The pictures in the data below are to be omitted; all else must be duplicated exactly.

╭─ Data for this task

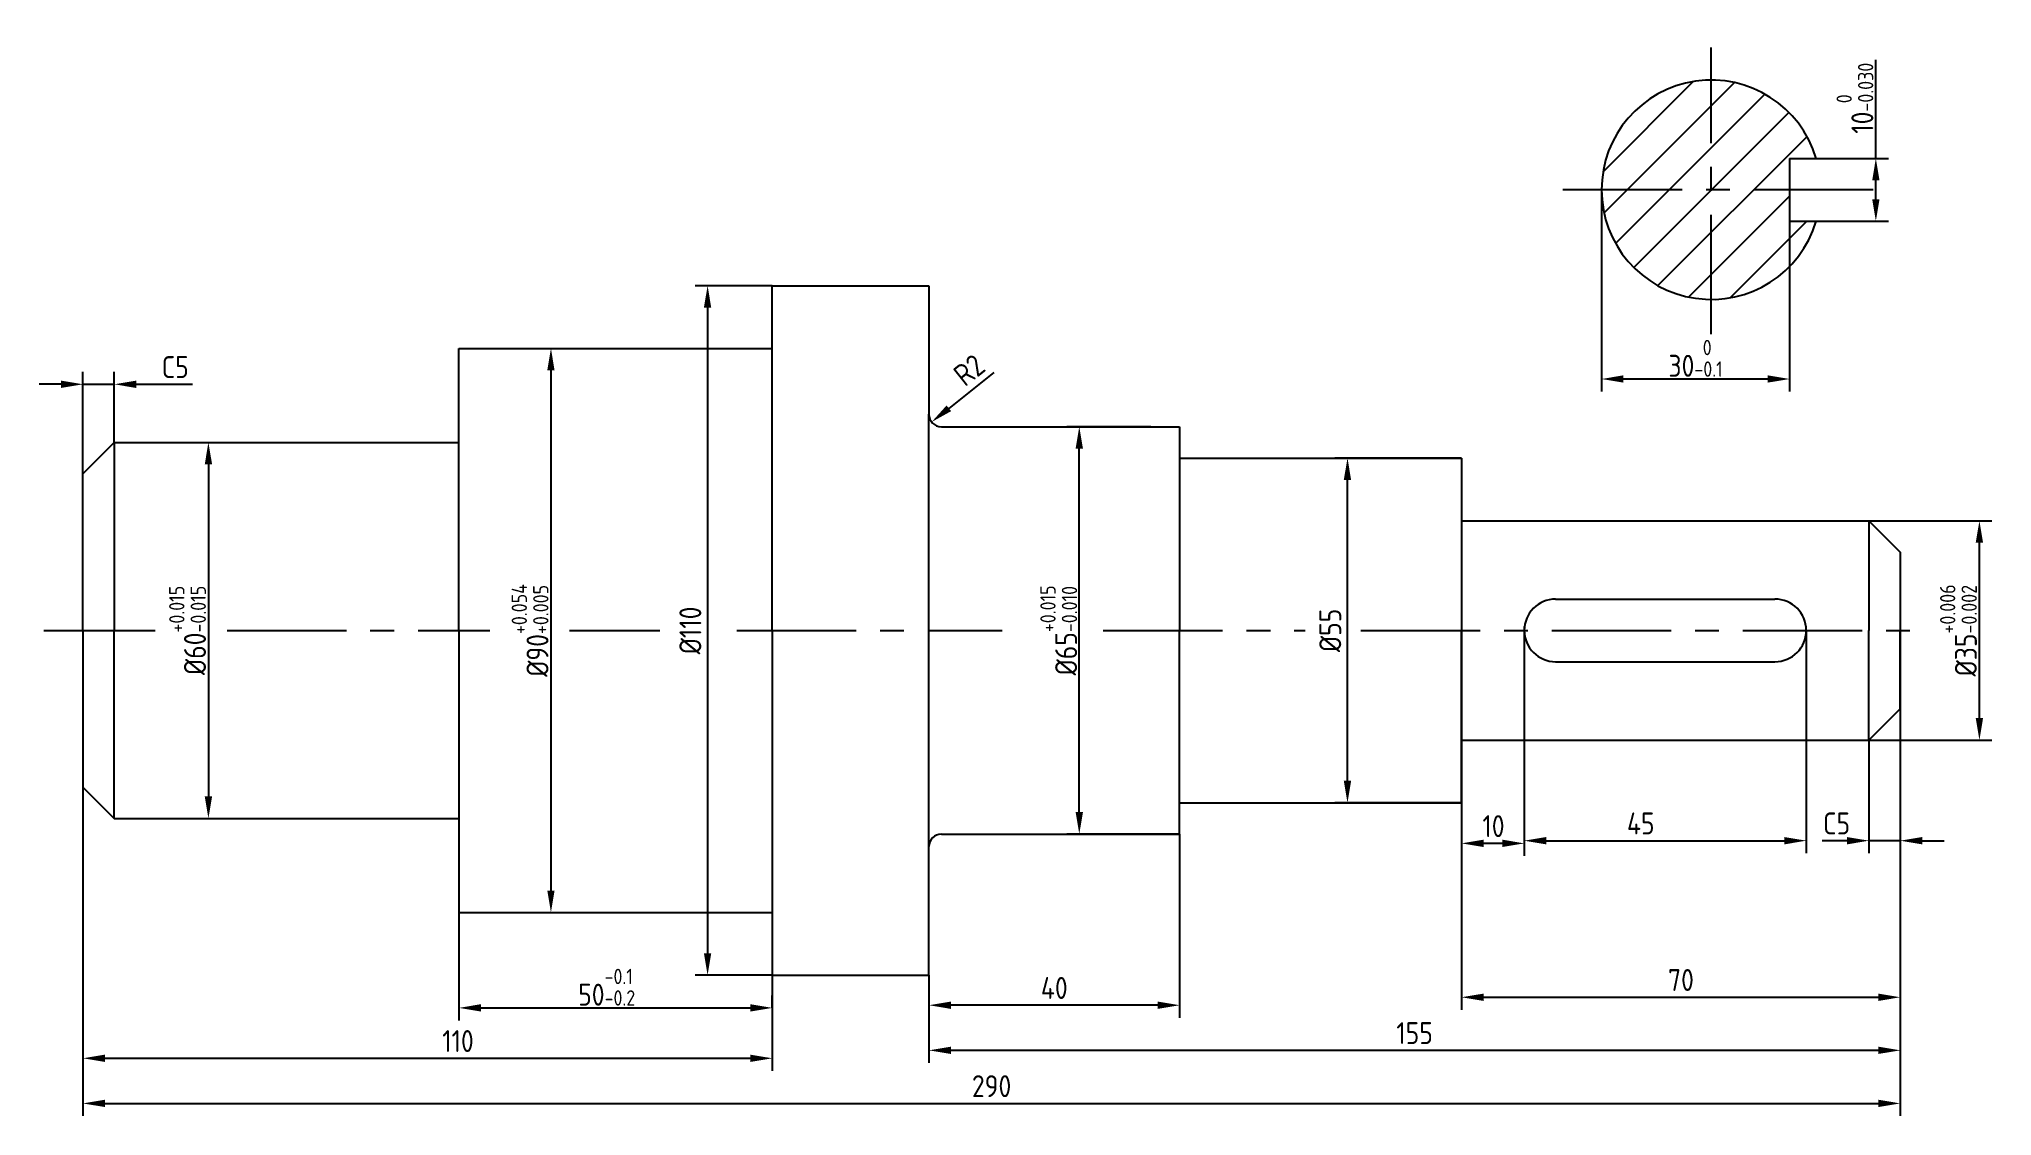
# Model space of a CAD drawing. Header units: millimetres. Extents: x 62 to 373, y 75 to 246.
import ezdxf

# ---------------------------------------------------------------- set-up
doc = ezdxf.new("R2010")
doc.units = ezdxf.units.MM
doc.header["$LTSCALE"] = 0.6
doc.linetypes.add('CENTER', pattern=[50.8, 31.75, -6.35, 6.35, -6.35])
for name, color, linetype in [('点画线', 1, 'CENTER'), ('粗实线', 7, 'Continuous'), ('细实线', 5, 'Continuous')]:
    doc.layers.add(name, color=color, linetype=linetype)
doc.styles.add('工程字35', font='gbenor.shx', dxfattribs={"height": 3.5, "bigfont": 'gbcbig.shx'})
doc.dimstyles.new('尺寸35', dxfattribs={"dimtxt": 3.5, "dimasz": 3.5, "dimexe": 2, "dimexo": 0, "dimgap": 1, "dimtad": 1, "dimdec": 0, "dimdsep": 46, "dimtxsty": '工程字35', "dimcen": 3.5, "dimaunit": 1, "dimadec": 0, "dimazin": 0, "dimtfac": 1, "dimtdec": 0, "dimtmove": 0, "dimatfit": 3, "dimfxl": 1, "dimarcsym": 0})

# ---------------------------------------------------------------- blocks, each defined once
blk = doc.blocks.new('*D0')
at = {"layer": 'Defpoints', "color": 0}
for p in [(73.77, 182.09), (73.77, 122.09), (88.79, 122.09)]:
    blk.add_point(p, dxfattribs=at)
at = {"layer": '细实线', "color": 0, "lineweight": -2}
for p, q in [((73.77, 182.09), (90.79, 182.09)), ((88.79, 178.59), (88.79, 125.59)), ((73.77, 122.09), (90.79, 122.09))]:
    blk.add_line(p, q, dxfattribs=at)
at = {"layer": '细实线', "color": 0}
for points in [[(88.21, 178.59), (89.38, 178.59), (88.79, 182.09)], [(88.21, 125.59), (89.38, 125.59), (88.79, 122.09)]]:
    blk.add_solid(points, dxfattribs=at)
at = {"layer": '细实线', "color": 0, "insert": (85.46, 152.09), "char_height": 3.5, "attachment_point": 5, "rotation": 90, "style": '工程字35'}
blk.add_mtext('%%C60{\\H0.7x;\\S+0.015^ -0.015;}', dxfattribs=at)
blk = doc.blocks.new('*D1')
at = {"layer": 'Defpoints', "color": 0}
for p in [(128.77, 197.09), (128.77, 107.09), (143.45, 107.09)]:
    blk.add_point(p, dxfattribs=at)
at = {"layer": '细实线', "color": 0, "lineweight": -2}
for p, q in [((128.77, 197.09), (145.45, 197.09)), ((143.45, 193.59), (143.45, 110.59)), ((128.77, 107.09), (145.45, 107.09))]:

╰─

**Written solution**
# Model space of a CAD drawing. Header units: millimetres. Extents: x 62 to 373, y 75 to 246.
import ezdxf

# ---------------------------------------------------------------- set-up
doc = ezdxf.new("R2010")
doc.units = ezdxf.units.MM
doc.header["$LTSCALE"] = 0.6
doc.linetypes.add('CENTER', pattern=[50.8, 31.75, -6.35, 6.35, -6.35])
for name, color, linetype in [('点画线', 1, 'CENTER'), ('粗实线', 7, 'Continuous'), ('细实线', 5, 'Continuous')]:
    doc.layers.add(name, color=color, linetype=linetype)
doc.styles.add('工程字35', font='gbenor.shx', dxfattribs={"height": 3.5, "bigfont": 'gbcbig.shx'})
doc.dimstyles.new('尺寸35', dxfattribs={"dimtxt": 3.5, "dimasz": 3.5, "dimexe": 2, "dimexo": 0, "dimgap": 1, "dimtad": 1, "dimdec": 0, "dimdsep": 46, "dimtxsty": '工程字35', "dimcen": 3.5, "dimaunit": 1, "dimadec": 0, "dimazin": 0, "dimtfac": 1, "dimtdec": 0, "dimtmove": 0, "dimatfit": 3, "dimfxl": 1, "dimarcsym": 0})

# ---------------------------------------------------------------- blocks, each defined once
blk = doc.blocks.new('*D0')
at = {"layer": 'Defpoints', "color": 0}
for p in [(73.77, 182.09), (73.77, 122.09), (88.79, 122.09)]:
    blk.add_point(p, dxfattribs=at)
at = {"layer": '细实线', "color": 0, "lineweight": -2}
for p, q in [((73.77, 182.09), (90.79, 182.09)), ((88.79, 178.59), (88.79, 125.59)), ((73.77, 122.09), (90.79, 122.09))]:
    blk.add_line(p, q, dxfattribs=at)
at = {"layer": '细实线', "color": 0}
for points in [[(88.21, 178.59), (89.38, 178.59), (88.79, 182.09)], [(88.21, 125.59), (89.38, 125.59), (88.79, 122.09)]]:
    blk.add_solid(points, dxfattribs=at)
at = {"layer": '细实线', "color": 0, "insert": (85.46, 152.09), "char_height": 3.5, "attachment_point": 5, "rotation": 90, "style": '工程字35'}
blk.add_mtext('%%C60{\\H0.7x;\\S+0.015^ -0.015;}', dxfattribs=at)
blk = doc.blocks.new('*D1')
at = {"layer": 'Defpoints', "color": 0}
for p in [(128.77, 197.09), (128.77, 107.09), (143.45, 107.09)]:
    blk.add_point(p, dxfattribs=at)
at = {"layer": '细实线', "color": 0, "lineweight": -2}
for p, q in [((128.77, 197.09), (145.45, 197.09)), ((143.45, 193.59), (143.45, 110.59)), ((128.77, 107.09), (145.45, 107.09))]:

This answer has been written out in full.